Created attachment 22629 [details] Word document causing NullPointerException Attached document, scanning its parts with QuickTest, results in a java.lang.NullPointerException at org.apache.poi.hwpf.sprm.ParagraphSprmUncompressor.uncompressPAP(ParagraphSprmUncompressor.java:50) at org.apache.poi.hwpf.model.PAPX.getParagraphProperties(PAPX.java:135) at org.apache.poi.hwpf.usermodel.Range.getParagraph(Range.java:822) at org.apache.poi.hwpf.QuickTest.main(QuickTest.java:45) After some debugging, I found that 1) the istd value for problematic paragraph style is 10 2) in getParagraphProperties method, baseStyle is null, and then in uncompressPAP method, the null variable causing the exception is "parent" 3) During StyleSheet constructor execution (the istd of problematic style is 10), _parahraphDescriptions[10] is not null, but _parahraphDescriptions[10]getPap() returns null 4) in createPAP(10) (called by the second loop in constructor), "pap" and "papx" local variables are *both* null, then createPAP does not create the PAP for istd=10 A more weird thing is that, deleting or changing other document parts, for example removing other paragraphs, the crash disappears...
Created attachment 23783 [details] Patch that modifies stylesheets. During the initialization of "org.apache.poi.hwpf.model.StyleSheet" POI runs through all the style descriptions and adds them to the StyleDescription array in the createPAP method. If a description has an improperly set parent (ie it's parent is null) it still tries to run the ParagraphSprmUncompressor. Doing so attempts to clone the parent and throws a Null Pointer exception. The attached patch simply blocks the running of the uncompressor if the parent is null. I've tested this and it passes all tests and fixes the previously attached document as well as some of my own. If this fixed in deemed inappropriate, please do not fix with a Runtime error. The documents contents have still been loaded correctly and should still be useable in certain contexts.

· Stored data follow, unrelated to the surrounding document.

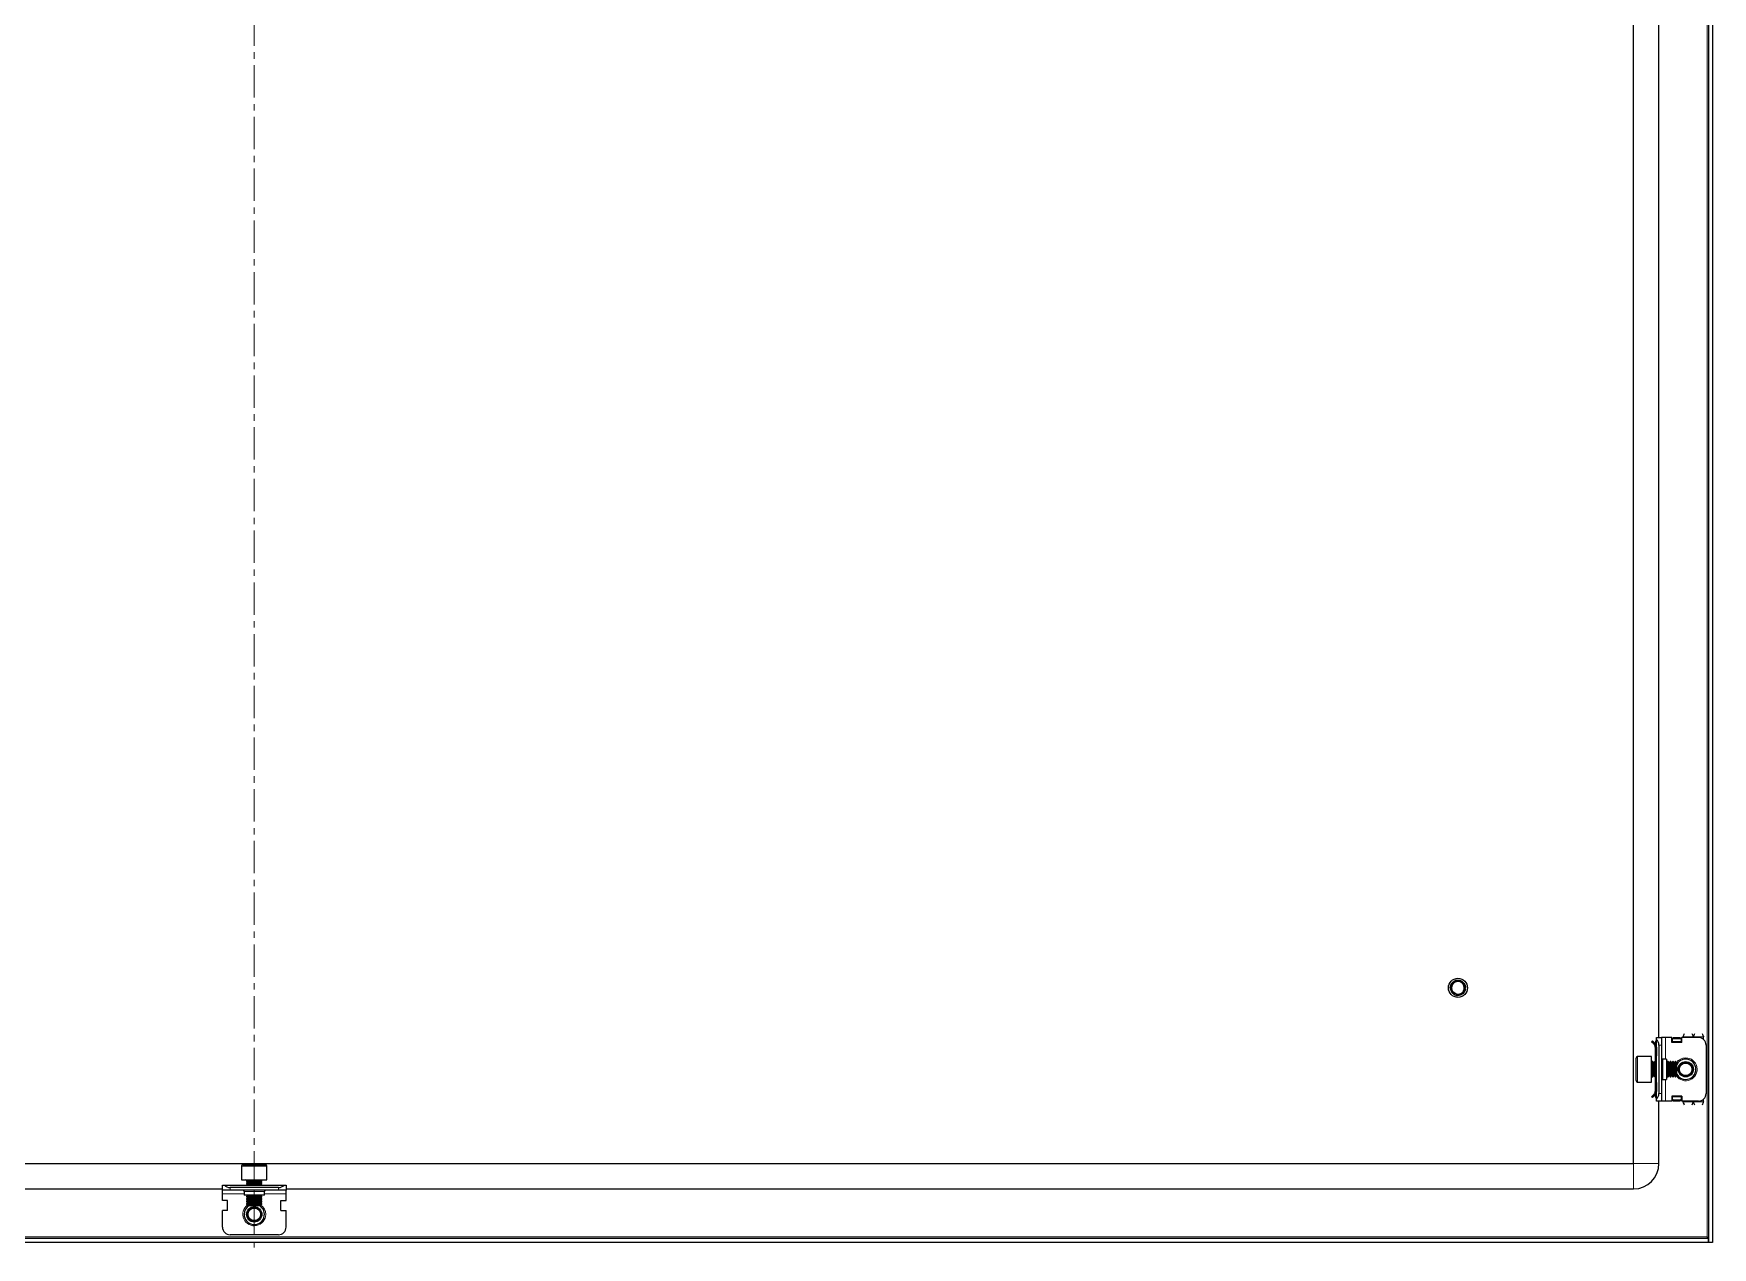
# Model space of a CAD drawing. Header units: millimetres. Extents: x -637 to 2088, y -736 to 1285.
# Drawn here: x 1428 to 2088, y -622 to -145 of the extents above; entities that cross this region are included whole.
import ezdxf

# ---------------------------------------------------------------- set-up
doc = ezdxf.new("R2010")
doc.units = ezdxf.units.MM
doc.linetypes.add('CENTERX2', pattern=[20.32, 12.7, -2.54, 2.54, -2.54])
doc.layers.add('FORMAT', color=7, linetype='Continuous')

msp = doc.modelspace()

# ---------------------------------------------------------------- linework, layer by layer
at = {"color": 8, "linetype": 'Continuous', "lineweight": 18}
for p, q in [((2086.01, 1138.51), (2086.01, -618.29)), ((2069.61, -539.89), (2069.61, -548.39)), ((2076.61, -539.64), (2080.61, -539.64)), ((2084.61, -539.64), (2080.61, -539.64)), ((2058.71, -547.39), (2058.71, -549.69)), ((2066.11, -541.89), (2065.61, -541.89)), ((2066.11, -541.39), (2065.9, -541.18)), ((2068.11, -542.89), (2067.11, -542.89)), ((2075.86, -541.53), (2072.36, -541.53)), ((2058.71, -549.69), (2058.71, -557.39)), ((2064.36, -549.39), (2064.36, -555.39)), ((2068.61, -548.39), (2068.61, -556.39)), ((2069.61, -556.39), (2069.61, -564.89)), ((2066.11, -562.89), (2065.61, -562.89)), ((2066.11, -563.39), (2065.9, -563.59)), ((2067.11, -561.89), (2068.11, -561.89)), ((2072.36, -563.24), (2075.86, -563.24)), ((2080.61, -565.14), (2076.61, -565.14)), ((2084.61, -565.14), (2080.61, -565.14)), ((1517.8, -590.49), (1510.11, -590.49)), ((1520.11, -590.49), (1517.8, -590.49)), ((2057.11, -589.39), (2057.11, -599.39)), ((2057.11, -589.39), (2067.11, -589.39)), ((1505.61, -598.89), (1505.61, -599.89)), ((1518.11, -596.14), (1512.11, -596.14)), ((1524.61, -599.89), (1524.61, -598.89)), ((1511.11, -601.39), (1502.61, -601.39)), ((1519.11, -600.39), (1511.11, -600.39)), ((1527.61, -601.39), (1519.11, -601.39)), ((2086.01, -618.29), (944.21, -618.29))]:
    msp.add_line(p, q, dxfattribs=at)
at = {"color": 7, "linetype": 'Continuous', "lineweight": 25}
for p, q in [((2086.61, 1140.61), (2086.61, -620.39)), ((2088.11, 1140.61), (2088.11, -620.39)), ((2057.11, -589.39), (2057.11, 1109.61)), ((2067.11, -539.89), (2067.11, -64.89)), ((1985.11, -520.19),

Created attachment 24082 [details] Patches PAPX.java to avoid NPE when a paragraph's PAPX is based upon a character style I've encountered this error while decoding .doc files saved by OpenOffice Writer. Some paragraphs have a PAPX with an istd that is a character style, and PAPX.getParagraphProperties throws an NPE as a result. I've attached a patch to PAPX.java to work around this. I don't think Chris Walter's patch to StyleSheet.java is necessary.
I've just tried opening your document with POI on svn head, and it was loaded fine, and we could get the text without error. Looks like the bug was fixed at some point between when you reported this and today.